TRY IT ▸ Print every entry exactly as written and exclude all images.

▽

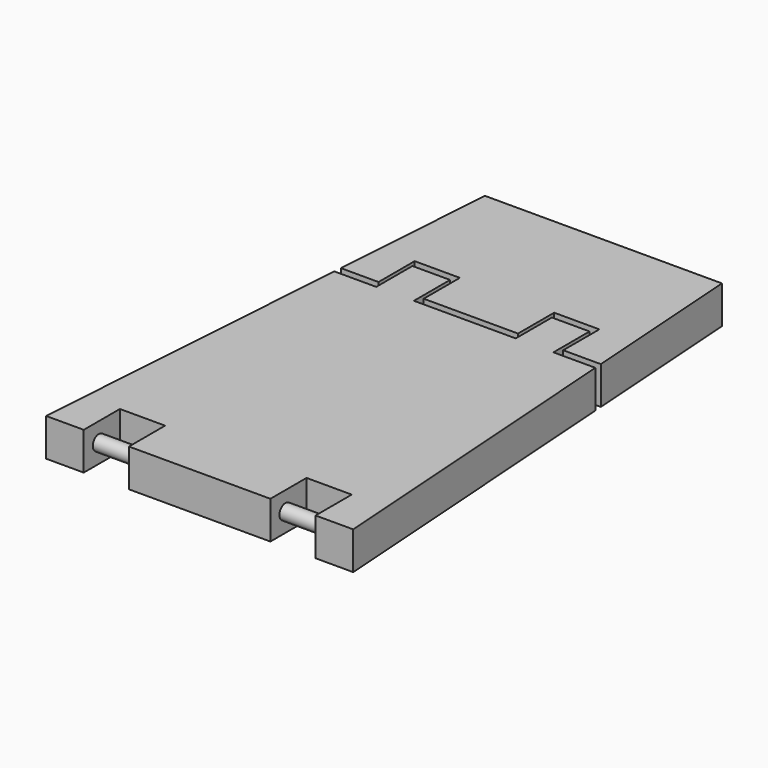
from build123d import *

# Parameters (mm, degrees)
F1_DEPTH = 5
F4_START = -6
F3_R     = 1.5
F3_R_2   = 1
F4_DEPTH = 28.8
F5_START = -5.4
F5_DEPTH = 30.3
F8_START = -10.4
F7_R     = 1
F8_DEPTH = 37.1


# Not quite as in the source:
# - a feature names something its author has since deleted; it is built from what else it names


with BuildPart() as f1:
    # F0 (on Top) → F1 (new body)
    with BuildSketch(Plane.XY):
        Polygon((-15.7285978556, -106.966223469), (-17.2584383383, -128.966223469), (-12.2584383383, -128.966223469), (-12.2584383383, -122.966223469), (-6.2584383383, -122.966223469), (-6.2584383383, -128.966223469), (6.2584383383, -128.966223469), (6.2584383383, -122.966223469), (12.2584383383, -122.966223469), (12.2584383383, -128.966223469), (17.2584383383, -128.966223469), (15.7285978556, -106.966223469), align=None)
    extrude(amount=F1_DEPTH)



with BuildPart() as f1b:
    # F0 (on Top) → F1, piece 2 (new body)
    with BuildSketch(Plane.XY):
        Polygon((-17.3279765421, -129.966223469), (-20.3876575074, -173.966223469), (-15.3876575074, -173.966223469), (-15.3876575074, -167.966223469), (-9.3876575074, -167.966223469), (-9.3876575074, -173.966223469), (9.3876575074, -173.966223469), (9.3876575074, -167.966223469), (15.3876575074, -167.966223469), (15.3876575074, -173.966223469), (20.3876575074, -173.966223469), (17.3279765421, -129.966223469), (11.7584383383, -129.966223469), (11.7584383383, -123.966223469), (6.7584383383, -123.966223469), (6.7584383383, -129.966223469), (-6.7584383383, -129.966223469), (-6.7584383383, -123.966223469), (-11.7584383383, -123.966223469), (-11.7584383383, -129.966223469), align=None)
    extrude(amount=F1_DEPTH)

    # F3 (on offset) → F4 (cut)
    with BuildSketch(Plane.YZ.offset(21.7584383383).offset(F4_START)):
        with Locations((-126.466223469, 2.5)):
            Circle(F3_R)
        with Locations((-126.466223469, 2.5)):
            Circle(F3_R_2, mode=Mode.SUBTRACT)
    extrude(amount=-F4_DEPTH, mode=Mode.SUBTRACT)


with BuildPart() as f1_1:
    add(f1.part)

    add(f1b.part)  # F5 merges F1b
    # F3 (on offset) → F5 (join)
    with BuildSketch(Plane.YZ.offset(21.7584383383).offset(F5_START)):
        with Locations((-126.466223469, 2.5)):
            Circle(F3_R_2)
    extrude(amount=-F5_DEPTH)

    # F7 (on offset) → F8 (join)
    with BuildSketch(Plane.YZ.offset(29.3876575074).offset(F8_START)):
        with Locations((-171.466223469, 2.5)):
            Circle(F7_R)
    extrude(amount=-F8_DEPTH)


solid = f1_1.part
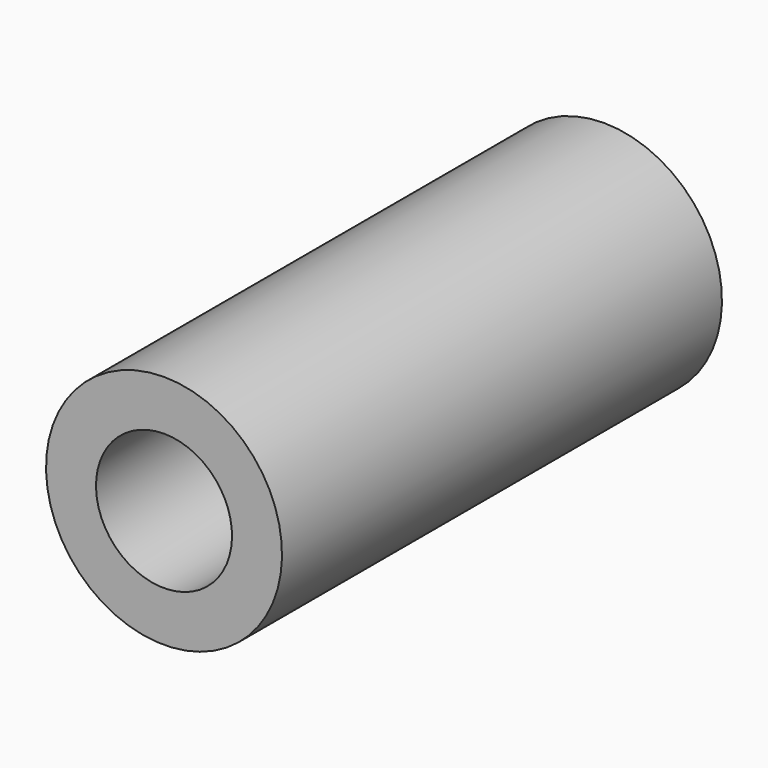
from build123d import *

# Parameters (mm, degrees)
F2_SIZE = 0.09999


# Not quite as in the source:
# - a fillet or chamfer is up to 0.001 mm smaller than in the source, because OpenCascade refuses the exact size


with BuildPart() as f1:
    # F0 (on Right) → F1 (revolve)
    with BuildSketch(Plane.YZ):
        with BuildLine():
            ThreePointArc((7.5617104388, 2.8), (8.3591026496, 4.0638625595), (9.425, 5.1112620751))
            Line((9.425, 5.1112620751), (9.425, 5.9))
            Line((9.425, 5.9), (-18.075, 5.9))
            Line((-18.075, 5.9), (-18.075, 3.4))
            Line((-18.075, 3.4), (-7.075, 3.4))
            Line((-7.075, 3.4), (-7.075, 3.3))
            Line((-7.075, 3.3), (-6.425, 3.3))
            Line((-6.425, 3.3), (6.425, 3.3))
            Line((6.425, 3.3), (6.925, 3.3))
            Line((6.925, 3.3), (6.925, 2.8))
            Line((6.925, 2.8), (7.5617104388, 2.8))
        make_face()
        Polygon((6.425, 3.3), (6.925, 2.8), (6.925, 3.3), align=None)
    revolve(axis=Axis((0, 1.2174843578, 0), (0, 1, 0)))

    # F2 (size 0.1 in the source; OpenCascade refuses exactly that, so slightly less here)
    f2_edges = [f1.edges().sort_by_distance(p)[0] for p in [
        (0, -7.075, -3.4),
    ]]
    chamfer(f2_edges, length=F2_SIZE)


solid = f1.part

△

THE COMPLETED TASK ▸
from build123d import *

# Parameters (mm, degrees)
F1_DEPTH = 5
F4_START = -6
F3_R     = 1.5
F3_R_2   = 1
F4_DEPTH = 28.8
F5_START = -5.4
F5_DEPTH = 30.3
F8_START = -10.4
F7_R     = 1
F8_DEPTH = 37.1


# Not quite as in the source:
# - a feature names something its author has since deleted; it is built from what else it names


with BuildPart() as f1:
    # F0 (on Top) → F1 (new body)
    with BuildSketch(Plane.XY):
        Polygon((-15.7285978556, -106.966223469), (-17.2584383383, -128.966223469), (-12.2584383383, -128.966223469), (-12.2584383383, -122.966223469), (-6.2584383383, -122.966223469), (-6.2584383383, -128.966223469), (6.2584383383, -128.966223469), (6.2584383383, -122.966223469), (12.2584383383, -122.966223469), (12.2584383383, -128.966223469), (17.2584383383, -128.966223469), (15.7285978556, -106.966223469), align=None)
    extrude(amount=F1_DEPTH)



with BuildPart() as f1b:
    # F0 (on Top) → F1, piece 2 (new body)
    with BuildSketch(Plane.XY):
        Polygon((-17.3279765421, -129.966223469), (-20.3876575074, -173.966223469), (-15.3876575074, -173.966223469), (-15.3876575074, -167.966223469), (-9.3876575074, -167.966223469), (-9.3876575074, -173.966223469), (9.3876575074, -173.966223469), (9.3876575074, -167.966223469), (15.3876575074, -167.966223469), (15.3876575074, -173.966223469), (20.3876575074, -173.966223469), (17.3279765421, -129.966223469), (11.7584383383, -129.966223469), (11.7584383383, -123.966223469), (6.7584383383, -123.966223469), (6.7584383383, -129.966223469), (-6.7584383383, -129.966223469), (-6.7584383383, -123.966223469), (-11.7584383383, -123.966223469), (-11.7584383383, -129.966223469), align=None)
    extrude(amount=F1_DEPTH)

    # F3 (on offset) → F4 (cut)
    with BuildSketch(Plane.YZ.offset(21.7584383383).offset(F4_START)):
        with Locations((-126.466223469, 2.5)):
            Circle(F3_R)
        with Locations((-126.466223469, 2.5)):
            Circle(F3_R_2, mode=Mode.SUBTRACT)
    extrude(amount=-F4_DEPTH, mode=Mode.SUBTRACT)


with BuildPart() as f1_1:
    add(f1.part)

    add(f1b.part)  # F5 merges F1b
    # F3 (on offset) → F5 (join)
    with BuildSketch(Plane.YZ.offset(21.7584383383).offset(F5_START)):
        with Locations((-126.466223469, 2.5)):
            Circle(F3_R_2)
    extrude(amount=-F5_DEPTH)

    # F7 (on offset) → F8 (join)
    with BuildSketch(Plane.YZ.offset(29.3876575074).offset(F8_START)):
        with Locations((-171.466223469, 2.5)):
            Circle(F7_R)
    extrude(amount=-F8_DEPTH)


solid = f1_1.part
from build123d import *

# Parameters (mm, degrees)
F2_SIZE = 0.09999


# Not quite as in the source:
# - a fillet or chamfer is up to 0.001 mm smaller than in the source, because OpenCascade refuses the exact size


with BuildPart() as f1:
    # F0 (on Right) → F1 (revolve)
    with BuildSketch(Plane.YZ):
        with BuildLine():
            ThreePointArc((7.5617104388, 2.8), (8.3591026496, 4.0638625595), (9.425, 5.1112620751))
            Line((9.425, 5.1112620751), (9.425, 5.9))
            Line((9.425, 5.9), (-18.075, 5.9))
            Line((-18.075, 5.9), (-18.075, 3.4))
            Line((-18.075, 3.4), (-7.075, 3.4))
            Line((-7.075, 3.4), (-7.075, 3.3))
            Line((-7.075, 3.3), (-6.425, 3.3))
            Line((-6.425, 3.3), (6.425, 3.3))
            Line((6.425, 3.3), (6.925, 3.3))
            Line((6.925, 3.3), (6.925, 2.8))
            Line((6.925, 2.8), (7.5617104388, 2.8))
        make_face()
        Polygon((6.425, 3.3), (6.925, 2.8), (6.925, 3.3), align=None)
    revolve(axis=Axis((0, 1.2174843578, 0), (0, 1, 0)))

    # F2 (size 0.1 in the source; OpenCascade refuses exactly that, so slightly less here)
    f2_edges = [f1.edges().sort_by_distance(p)[0] for p in [
        (0, -7.075, -3.4),
    ]]
    chamfer(f2_edges, length=F2_SIZE)


solid = f1.part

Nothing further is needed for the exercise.